From that point my life changed forever. I began a wild, exhilarating, unpredictable, sometimes frightening, intellectual ride, not unlike those I had experienced as a youthful member of the surfboard fraternity in an earlier life. Intellectually it was like pushing oneself over the edge of a huge, slowly breaking wave, feeling it pick you up, thrust you forward with its power, never knowing whether you should stand and cut left, right, or even pull back from the wave before it broke, fearful that if you continued to “go with it” it might suddenly break and “dump” you painfully in the shallows. As I reflect on that period of my professional growth with the benefit of thirty years’ hindsight, it is now obvious that in 1975 I’d been caught up in a Kuhn-ian scientific revolution. According to Strauss (2005), “Scientific revolutions occur when a crisis within the scientific paradigm is resolved by the adoption, within the scientific community, of new, empirically supported principles that redefine what counts as a theoretically significant problem, and the way that problem is solved” (Strauss 2005, 166). Of course, in 1975 I wasn’t aware that I was caught up in a Kuhn-ian scientific revolution. I thought I was simply experiencing multiple “ah-ha’s” about reading, language, learning, and teaching. One in particular stands out. I clearly remember reading a statement, somewhere in the RMI materials that Jeanne Chall had loaned me, a statement something like this: “The oral and written forms of language are parallel versions of the same thing—language.”
The implications of this statement struck me with tsunami-like force. Michael Halliday’s (1975) Learning How to Mean had just been published. When I put Halliday’s work and this one particular concept from the RMI together in my head, thoughts started bubbling up and spilling over each other at a frenetic pace; I can still remember the trains of thought that rattled through my head: “If learning to talk is learning how to mean using the oral mode of language, then perhaps learning how to read and write is learning how to mean using the written form of language. If they’re parallel versions of the same thing, then perhaps they can be learned similarly? Perhaps learning how to mean is natural? Perhaps complex meaning making is what the human brain has evolved to do? Perhaps the processes inherent in the complex learning that makes learning to talk possible have some implications for learning to read?”
Those of you who know my work will realize that this one ah-ha pushed me in the direction that I’ve been traveling for the last thirty years. This long-awaited revised edition of the RMI—a now classic work—will certainly provide fresh insights for both the current and a new generation of educators and scholars. Those familiar with the RMI will revisit Betsy in a new case study, explore on a deeper level the value and use of the Burke Reading Interview, find extensively updated references and new research, and discover several new chapters on differentiated reading instruction. And those new to the RMI will understand readers and reading on an entirely different plane.
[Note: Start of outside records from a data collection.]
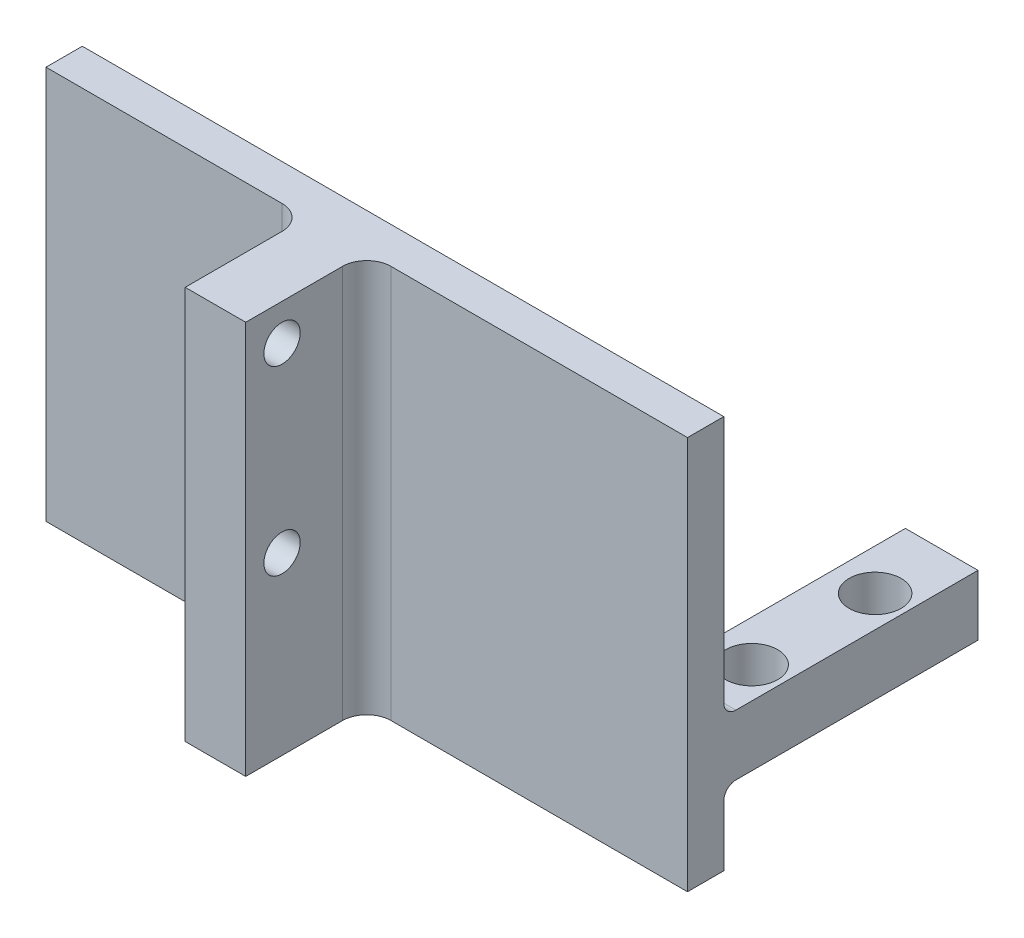
from build123d import *

# Parameters (mm, degrees)
SKETCH1_W           = 53
SKETCH1_H           = 32.5
BOSS_EXTRUDE1_DEPTH = 3
SKETCH2_W           = 6
SKETCH2_H           = 5
BOSS_EXTRUDE2_DEPTH = 21
FILLET1_R           = 1
SKETCH3_W           = 5
SKETCH3_H           = 32.5
BOSS_EXTRUDE3_DEPTH = 10
FILLET2_R           = 2
SKETCH4_R           = 2.15
CUT_EXTRUDE1_DEPTH  = 10
SKETCH5_R           = 1.5
CUT_EXTRUDE2_DEPTH  = 10


with BuildPart() as part:
    # Sketch1 → Boss-Extrude1 (new body)
    with BuildSketch(Plane.XY):
        with Locations((0, 5.25)):
            Rectangle(SKETCH1_W, SKETCH1_H)
    extrude(amount=BOSS_EXTRUDE1_DEPTH)

    # Sketch2 → Boss-Extrude2 (add)
    with BuildSketch(Plane(origin=(0, 0, 0), x_dir=(-1, 0, 0), z_dir=(0, 0, -1))):
        with Locations((23.5, -2.5)):
            Rectangle(SKETCH2_W, SKETCH2_H)
        with Locations((-23.5, -2.5)):
            Rectangle(SKETCH2_W, SKETCH2_H)
    extrude(amount=BOSS_EXTRUDE2_DEPTH)

    # Fillet1
    fillet1_edges = [part.edges().sort_by_distance(p)[0] for p in [
        (23.5, 0, 0),
        (23.5, -5, 0),
        (-23.5, 0, 0),
        (-23.5, -5, 0),
    ]]
    fillet(fillet1_edges, radius=FILLET1_R)

    # Sketch3 → Boss-Extrude3 (add)
    with BuildSketch(Plane.XY.offset(3)):
        with Locations((-2.5, 5.25)):
            Rectangle(SKETCH3_W, SKETCH3_H)
    extrude(amount=BOSS_EXTRUDE3_DEPTH)

    # Fillet2
    fillet2_edges = [part.edges().sort_by_distance(p)[0] for p in [
        (-5, 5.25, 3),
        (0, 5.25, 3),
    ]]
    fillet(fillet2_edges, radius=FILLET2_R)

    # Sketch4 → Cut-Extrude1 (cut)
    with BuildSketch(Plane.XZ.offset(5)):
        with Locations(Location((23.9, -4.9, 0), (0, 0, 270))):
            Circle(SKETCH4_R)
        with Locations(Location((23.9, -15.1, 0), (0, 0, 270))):
            Circle(SKETCH4_R)
        with Locations(Location((-23.9, -4.9, 0), (0, 0, 270))):
            Circle(SKETCH4_R)
        with Locations(Location((-23.9, -15.1, 0), (0, 0, 270))):
            Circle(SKETCH4_R)
    extrude(amount=-CUT_EXTRUDE1_DEPTH, mode=Mode.SUBTRACT)

    # Sketch5 → Cut-Extrude2 (cut)
    with BuildSketch(Plane(origin=(0, 0, 0), x_dir=(0, 0, -1), z_dir=(1, 0, 0))):
        with Locations(Location((-10, 18.5, 0), (0, 0, 90))):
            Circle(SKETCH5_R)
        with Locations(Location((-10, 3.5, 0), (0, 0, 90))):
            Circle(SKETCH5_R)
    extrude(amount=-CUT_EXTRUDE2_DEPTH, mode=Mode.SUBTRACT)


solid = part.part

I urge you—teachers of children, teachers of adult readers and writers, professors, and graduate students—to use the RMI with real learners reading real texts. I can guarantee that if you do, you too will experience some eureka-like “ah-ha’s” that will push you in new professional directions. Brian Cambourne
References
Cambourne, Brian. 1976-1977. “Getting to Goodman: An Analysis of the Goodman Model of Reading with Some Suggestions for Evaluation.” Reading Research Quarterly. Volume 12, number 4, pp. 605-636.
Halliday, Michael A.K. 1975. Learning How to Mean: Explorations in the Development of Language (Explorations in Language Study Series). London: Edward Arnold.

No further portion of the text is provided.